A. Whether Microelectronics Constituted an Asset Group Under GAAP

The ASC establishes that "for purposes of recognition and measurement of an impairment loss, a long-lived asset or assets shall be grouped with other assets and liabilities at the lowest level for which identifiable cash flows are largely independent of other assets and liabilities." ASC 360-10-35-23. Thus, a threshold issue is whether Microelectronics constituted an "asset group" under GAAP for purposes of impairment testing. Defendants argue that it did not.

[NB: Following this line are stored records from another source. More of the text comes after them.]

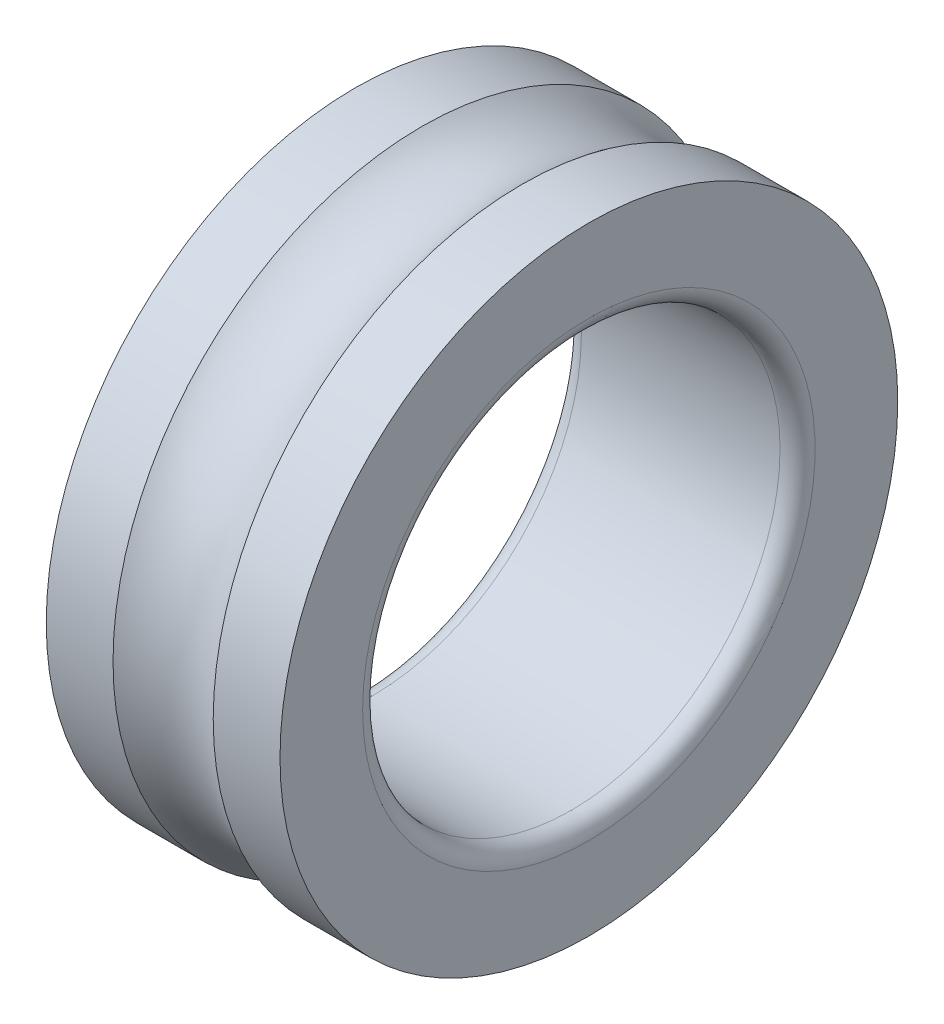
ISO-10303-21;
HEADER;
FILE_DESCRIPTION(('STEP AP214'),'2;1');
FILE_NAME('part.step','',(''),(''),'','','');
FILE_SCHEMA(('AUTOMOTIVE_DESIGN { 1 0 10303 214 1 1 1 1 }'));
ENDSEC;
DATA;
#1=APPLICATION_CONTEXT('core data for automotive mechanical design processes');
#2=APPLICATION_PROTOCOL_DEFINITION('international standard','automotive_design',2000,#1);
#3=PRODUCT_CONTEXT('',#1,'mechanical');
#4=PRODUCT('Part','Part','',(#3));
#5=PRODUCT_RELATED_PRODUCT_CATEGORY('part','',(#4));
#6=PRODUCT_DEFINITION_FORMATION('','',#4);
#7=PRODUCT_DEFINITION_CONTEXT('part definition',#1,'design');
#8=PRODUCT_DEFINITION('design','',#6,#7);
#9=PRODUCT_DEFINITION_SHAPE('','',#8);
#10=(LENGTH_UNIT() NAMED_UNIT(*) SI_UNIT(.MILLI.,.METRE.));
#11=(NAMED_UNIT(*) PLANE_ANGLE_UNIT() SI_UNIT($,.RADIAN.));
#12=(NAMED_UNIT(*) SI_UNIT($,.STERADIAN.) SOLID_ANGLE_UNIT());
#13=UNCERTAINTY_MEASURE_WITH_UNIT(LENGTH_MEASURE(1.E-05),#10,'distance_accuracy_value','');
#14=(GEOMETRIC_REPRESENTATION_CONTEXT(3) GLOBAL_UNCERTAINTY_ASSIGNED_CONTEXT((#13)) GLOBAL_UNIT_ASSIGNED_CONTEXT((#10,
#11,#12)) REPRESENTATION_CONTEXT('',''));
#15=CARTESIAN_POINT('',(0.,0.,0.));
#16=DIRECTION('',(0.,0.,1.));
#17=DIRECTION('',(1.,0.,0.));
#18=AXIS2_PLACEMENT_3D('',#15,#16,#17);
#19=CARTESIAN_POINT('',(-14.,37.,0.));
#20=DIRECTION('',(1.,0.,0.));
#21=DIRECTION('',(0.,0.,-1.));
#22=AXIS2_PLACEMENT_3D('',#19,#20,#21);
#23=PLANE('',#22);
#24=CARTESIAN_POINT('',(-14.,0.,0.));
#25=DIRECTION('',(-1.,0.,0.));
#26=DIRECTION('',(0.,0.,1.));
#27=AXIS2_PLACEMENT_3D('',#24,#25,#26);
#28=CIRCLE('',#27,27.1);
#29=CARTESIAN_POINT('',(-14.,0.,27.1));
#30=VERTEX_POINT('',#29);
#31=EDGE_CURVE('E10',#30,#30,#28,.T.);
#32=ORIENTED_EDGE('',*,*,#31,.F.);
#33=EDGE_LOOP('',(#32));
#34=FACE_BOUND('',#33,.T.);
#35=CARTESIAN_POINT('',(-14.,0.,0.));
#36=DIRECTION('',(-1.,0.,0.));
#37=DIRECTION('',(0.,0.,1.));
#38=AXIS2_PLACEMENT_3D('',#35,#36,#37);
#39=CIRCLE('',#38,37.);
#40=CARTESIAN_POINT('',(-14.,0.,37.));
#41=VERTEX_POINT('',#40);
#42=EDGE_CURVE('E60',#41,#41,#39,.T.);
#43=ORIENTED_EDGE('',*,*,#42,.T.);
#44=EDGE_LOOP('',(#43));
#45=FACE_BOUND('',#44,.T.);
#46=ADVANCED_FACE('F32',(#34,#45),#23,.F.);
#47=CARTESIAN_POINT('',(-11.9,0.,0.));
#48=DIRECTION('',(-1.,0.,0.));
#49=DIRECTION('',(0.,0.,1.));
#50=AXIS2_PLACEMENT_3D('',#47,#48,#49);
#51=TOROIDAL_SURFACE('',#50,27.1,2.1);
#52=CARTESIAN_POINT('',(-11.9,0.,0.));
#53=DIRECTION('',(-1.,0.,0.));
#54=DIRECTION('',(0.,0.,1.));
#55=AXIS2_PLACEMENT_3D('',#52,#53,#54);
#56=CIRCLE('',#55,25.);
#57=CARTESIAN_POINT('',(-11.9,0.,25.));
#58=VERTEX_POINT('',#57);
#59=EDGE_CURVE('E38',#58,#58,#56,.T.);
#60=ORIENTED_EDGE('',*,*,#59,.F.);
#61=EDGE_LOOP('',(#60));
#62=FACE_BOUND('',#61,.T.);
#63=ORIENTED_EDGE('',*,*,#31,.T.);
#64=EDGE_LOOP('',(#63));
#65=FACE_BOUND('',#64,.T.);
#66=ADVANCED_FACE('F97',(#62,#65),#51,.T.);
#67=CARTESIAN_POINT('',(-28.3637470566643,0.,0.));
#68=DIRECTION('',(-1.,0.,0.));
#69=DIRECTION('',(0.,0.,1.));
#70=AXIS2_PLACEMENT_3D('',#67,#68,#69);
#71=CYLINDRICAL_SURFACE('',#70,25.);
#72=CARTESIAN_POINT('',(11.9,0.,0.));
#73=DIRECTION('',(-1.,0.,0.));
#74=DIRECTION('',(0.,0.,1.));
#75=AXIS2_PLACEMENT_3D('',#72,#73,#74);
#76=CIRCLE('',#75,25.);
#77=CARTESIAN_POINT('',(11.9,0.,25.));
#78=VERTEX_POINT('',#77);
#79=EDGE_CURVE('E42',#78,#78,#76,.T.);
#80=ORIENTED_EDGE('',*,*,#79,.F.);
#81=EDGE_LOOP('',(#80));
#82=FACE_BOUND('',#81,.T.);
#83=ORIENTED_EDGE('',*,*,#59,.T.);
#84=EDGE_LOOP('',(#83));
#85=FACE_BOUND('',#84,.T.);
#86=ADVANCED_FACE('F92',(#82,#85),#71,.F.);
#87=CARTESIAN_POINT('',(11.9,0.,0.));
#88=DIRECTION('',(-1.,0.,0.));
#89=DIRECTION('',(0.,0.,1.));
#90=AXIS2_PLACEMENT_3D('',#87,#88,#89);
#91=TOROIDAL_SURFACE('',#90,27.1,2.1);
#92=CARTESIAN_POINT('',(14.,0.,0.));
#93=DIRECTION('',(-1.,0.,0.));
#94=DIRECTION('',(0.,0.,1.));
#95=AXIS2_PLACEMENT_3D('',#92,#93,#94);
#96=CIRCLE('',#95,27.1);
#97=CARTESIAN_POINT('',(14.,0.,27.1));
#98=VERTEX_POINT('',#97);
#99=EDGE_CURVE('E46',#98,#98,#96,.T.);
#100=ORIENTED_EDGE('',*,*,#99,.F.);
#101=EDGE_LOOP('',(#100));
#102=FACE_BOUND('',#101,.T.);
#103=ORIENTED_EDGE('',*,*,#79,.T.);
#104=EDGE_LOOP('',(#103));
#105=FACE_BOUND('',#104,.T.);
#106=ADVANCED_FACE('F86',(#102,#105),#91,.T.);
#107=CARTESIAN_POINT('',(14.,37.,0.));
#108=DIRECTION('',(-1.,0.,0.));
#109=DIRECTION('',(0.,0.,1.));
#110=AXIS2_PLACEMENT_3D('',#107,#108,#109);
#111=PLANE('',#110);
#112=CARTESIAN_POINT('',(14.,0.,0.));
#113=DIRECTION('',(-1.,0.,0.));
#114=DIRECTION('',(0.,0.,1.));
#115=AXIS2_PLACEMENT_3D('',#112,#113,#114);
#116=CIRCLE('',#115,37.);
#117=CARTESIAN_POINT('',(14.,0.,37.));
#118=VERTEX_POINT('',#117);
#119=EDGE_CURVE('E51',#118,#118,#116,.T.);
#120=ORIENTED_EDGE('',*,*,#119,.F.);
#121=EDGE_LOOP('',(#120));
#122=FACE_BOUND('',#121,.T.);
#123=ORIENTED_EDGE('',*,*,#99,.T.);
#124=EDGE_LOOP('',(#123));
#125=FACE_BOUND('',#124,.T.);
#126=ADVANCED_FACE('F80',(#122,#125),#111,.F.);
#127=CARTESIAN_POINT('',(-28.3637470566643,0.,0.));
#128=DIRECTION('',(-1.,0.,0.));
#129=DIRECTION('',(0.,0.,1.));
#130=AXIS2_PLACEMENT_3D('',#127,#128,#129);
#131=CYLINDRICAL_SURFACE('',#130,37.);
#132=CARTESIAN_POINT('',(6.00000000000001,0.,0.));
#133=DIRECTION('',(-1.,0.,0.));
#134=DIRECTION('',(0.,0.,1.));
#135=AXIS2_PLACEMENT_3D('',#132,#133,#134);
#136=CIRCLE('',#135,37.);
#137=CARTESIAN_POINT('',(6.00000000000001,0.,37.));
#138=VERTEX_POINT('',#137);
#139=EDGE_CURVE('E54',#138,#138,#136,.T.);
#140=ORIENTED_EDGE('',*,*,#139,.F.);
#141=EDGE_LOOP('',(#140));
#142=FACE_BOUND('',#141,.T.);
#143=ORIENTED_EDGE('',*,*,#119,.T.);
#144=EDGE_LOOP('',(#143));
#145=FACE_BOUND('',#144,.T.);
#146=ADVANCED_FACE('F74',(#142,#145),#131,.T.);
#147=CARTESIAN_POINT('',(0.,0.,0.));
#148=DIRECTION('',(-1.,0.,0.));
#149=DIRECTION('',(0.,0.,1.));
#150=AXIS2_PLACEMENT_3D('',#147,#148,#149);
#151=TOROIDAL_SURFACE('',#150,45.,10.);
#152=CARTESIAN_POINT('',(-5.99999999999999,0.,0.));
#153=DIRECTION('',(-1.,0.,0.));
#154=DIRECTION('',(0.,0.,1.));
#155=AXIS2_PLACEMENT_3D('',#152,#153,#154);
#156=CIRCLE('',#155,37.);
#157=CARTESIAN_POINT('',(-5.99999999999999,0.,37.));
#158=VERTEX_POINT('',#157);
#159=EDGE_CURVE('E57',#158,#158,#156,.T.);
#160=ORIENTED_EDGE('',*,*,#159,.F.);
#161=EDGE_LOOP('',(#160));
#162=FACE_BOUND('',#161,.T.);
#163=ORIENTED_EDGE('',*,*,#139,.T.);
#164=EDGE_LOOP('',(#163));
#165=FACE_BOUND('',#164,.T.);
#166=ADVANCED_FACE('F68',(#162,#165),#151,.F.);
#167=CARTESIAN_POINT('',(-28.3637470566643,0.,0.));
#168=DIRECTION('',(-1.,0.,0.));
#169=DIRECTION('',(0.,0.,1.));
#170=AXIS2_PLACEMENT_3D('',#167,#168,#169);
#171=CYLINDRICAL_SURFACE('',#170,37.);
#172=ORIENTED_EDGE('',*,*,#42,.F.);
#173=EDGE_LOOP('',(#172));
#174=FACE_BOUND('',#173,.T.);
#175=ORIENTED_EDGE('',*,*,#159,.T.);
#176=EDGE_LOOP('',(#175));
#177=FACE_BOUND('',#176,.T.);
#178=ADVANCED_FACE('F65',(#174,#177),#171,.T.);
#179=CLOSED_SHELL('',(#46,#66,#86,#106,#126,#146,#166,#178));
#180=MANIFOLD_SOLID_BREP('B2',#179);
#181=ADVANCED_BREP_SHAPE_REPRESENTATION('',(#18,#180),#14);
#182=SHAPE_DEFINITION_REPRESENTATION(#9,#181);
ENDSEC;
END-ISO-10303-21;

"Varying facts and circumstances will inevitably justify different groupings of assets for impairment review. While grouping at the lowest level for which there are identifiable cash flows for recognition and measurement of an impairment loss is understood, determining that lowest level requires considerable judgment." ASC 360-1-055-35. According to Defendants, Microelectronics was "vertically integrated" into STG because STG's product lines were dependent on Microelectronics' manufacturing activity. Thus, because the specialized chips manufactured by Microelectronics were primarily used in STG's products, which were used across business segments, Microelectronics could not be isolated as a stand-alone asset group.